Minimum Inversion Number Time Limit: 2 Seconds Memory Limit: 65536 KB
The inversion number of a given number sequence a1, a2, ..., an is the number of pairs (ai, aj) that satisfy i < j and ai > aj.
For a given sequence of numbers a1, a2, ..., an, if we move the first m >= 0 numbers to the end of the seqence, we will obtain another sequence. There are totally n such sequences as the following:
a1, a2, ..., an-1, an (where m = 0 - the initial seqence)

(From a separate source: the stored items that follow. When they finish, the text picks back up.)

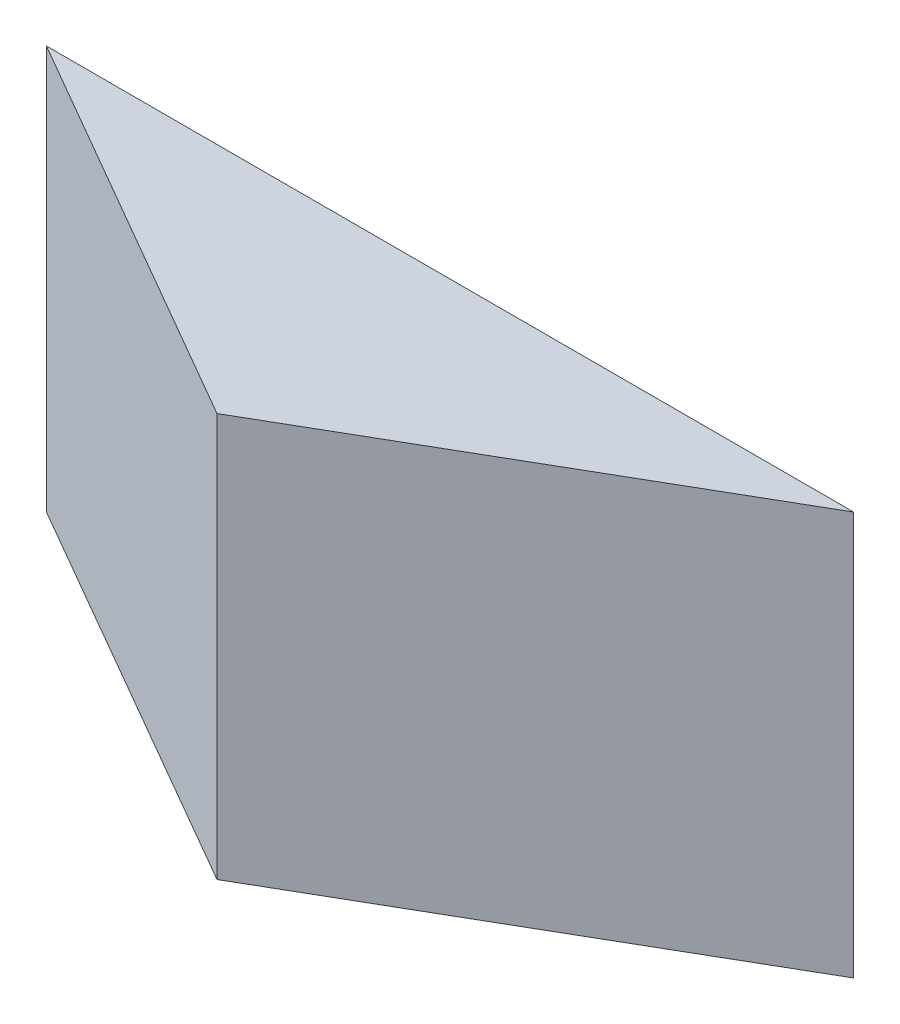
from build123d import *

# Parameters (mm, degrees)
BOSS_EXTRUDE1_DEPTH = 12.7


with BuildPart() as part:
    # Sketch1 → Boss-Extrude1 (new body)
    with BuildSketch(Plane(origin=(0, 0, 0), x_dir=(1, 0, 0), z_dir=(0, 1, 0))):
        Polygon((0, 0), (12.7, 7.332348419), (-12.7, 7.332348419), align=None)
    extrude(amount=BOSS_EXTRUDE1_DEPTH)


solid = part.part
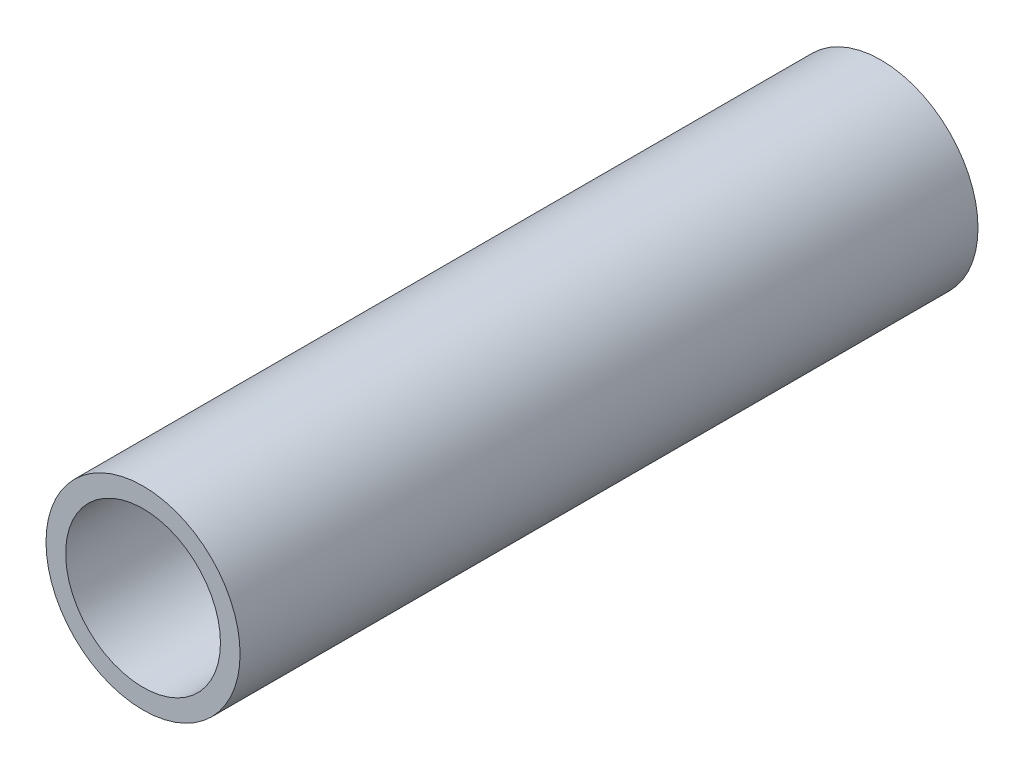
from build123d import *

# Parameters (mm, degrees)
SKETCH1_R           = 16.7005
SKETCH1_R_2         = 13.3223
EXTRUDE_THIN1_DEPTH = 63.5


with BuildPart() as part:
    # Sketch1 → Extrude-Thin1 (new body, symmetric)
    with BuildSketch(Plane.XY):
        Circle(SKETCH1_R)
        Circle(SKETCH1_R_2, mode=Mode.SUBTRACT)
    extrude(amount=EXTRUDE_THIN1_DEPTH, both=True)


solid = part.part
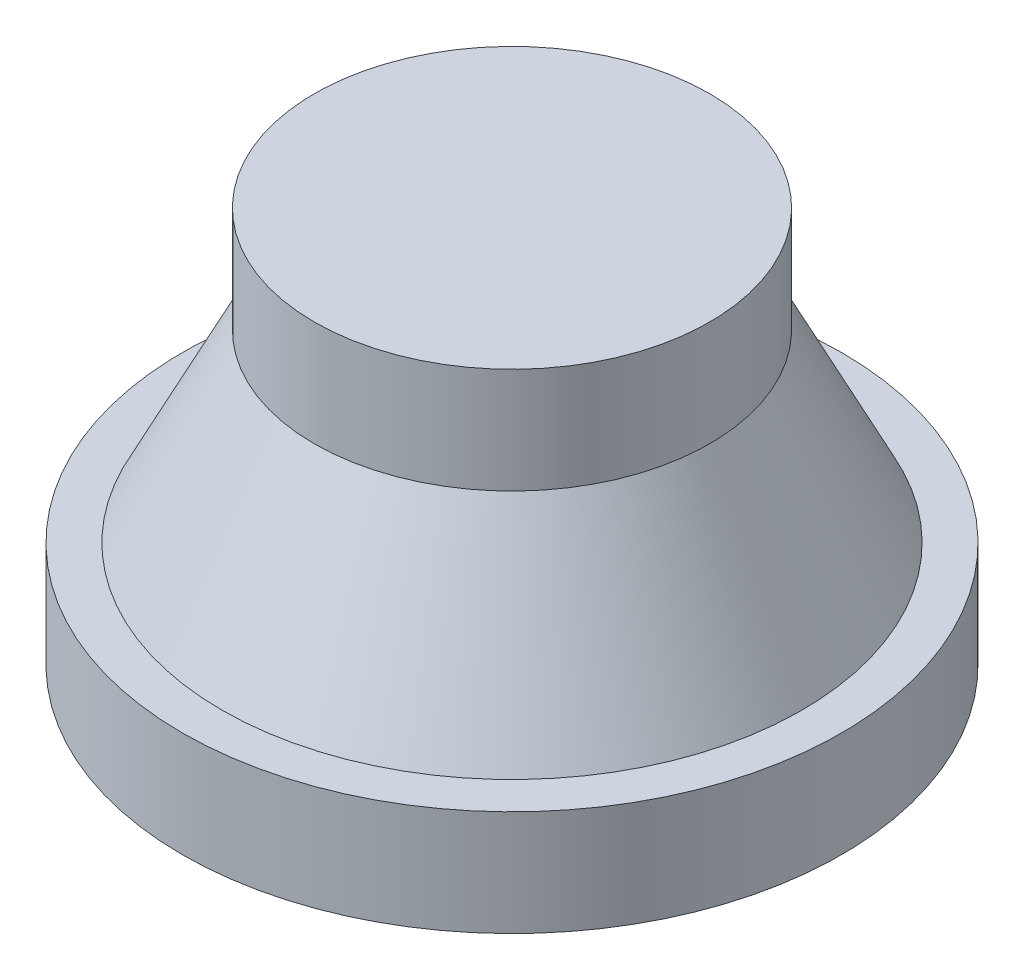
from build123d import *

# Parameters (mm, degrees)
ESBO_O1_R                = 12.5
RESSALTO_EXTRUS_O1_DEPTH = 15


with BuildPart() as part:
    # Esboço1 → Ressalto-extrusão1 (new body)
    with BuildSketch(Plane(origin=(0, 0, 0), x_dir=(1, 0, 0), z_dir=(0, 1, 0))):
        Circle(ESBO_O1_R)
    extrude(amount=RESSALTO_EXTRUS_O1_DEPTH)

    # Esboço2 → Corte-Revolução1 (revolve, cut)
    with BuildSketch(Plane.XY):
        Polygon((-12.5, 4), (-11, 4), (-7.5, 11), (-7.5, 15), (-12.5, 15), align=None)
    revolve(axis=Axis((0, 15, 0), (0, -1, 0)), mode=Mode.SUBTRACT)


solid = part.part

a2, a3, ..., an, a1 (where m = 1)
a3, a4, ..., an, a1, a2 (where m = 2)
...
an, a1, a2, ..., an-1 (where m = n-1)
You are asked to write a program to find the minimum inversion number out of the above sequences.
Input
The input consists of a number of test cases. Each case consists of two lines: the first line contains a positive integer n (n <= 5000); the next line contains a permutation of the n integers from 0 to n-1.
Output
For each case, output the minimum inversion number on a single line.
Sample Input
10
1 3 6 9 0 8 5 7 4 2
Sample Output
16
Source: ZOJ Monthly, January 2003
#include <iostream>
#include <cstdio>
#include <cstring>
#include <algorithm>
using namespace std;
int a[5500],b[5500],t[5500],n,nixushu=0;
void merge_sort(int l,int r)
{
if(l>=r) return;
int m=(l+r)/2;
merge_sort(l,m); merge_sort(m+1,r);
int q=0,left=m-l+1,right=r-m,nl=0,nr=0;
while(nl<left&&nr<right)
{
if(a[l+nl]<a[m+1+nr])
{
t[q]=a[l+nl];
nl++;
}
else if(a[m+1+nr]<a[l+nl])
{
nixushu+=m-l-nl+1;
t[q]=a[m+1+nr];
nr++;
}
q++;
}
while(nl<left)
{
t[q]=a[l+nl]; q++; nl++;
}
while(nr<right)
{
t[q]=a[m+1+nr]; q++; nr++;
}
for(int i=l;i<=r;i++)
a[i]=t[i-l];
}
int main()
{
while(scanf("%d",&n)!=EOF)
{
for(int i=0;i<n;i++)
scanf("%d",a+i),b[i]=a[i];
nixushu=0;
merge_sort(0,n-1);
int ans=nixushu,last=nixushu;
for(int i=0;i<n;i++)
{
last=last+(n-1-b[i])-b[i];
ans=min(ans,last);
}
printf("%d\n",ans);
}
return 0;
}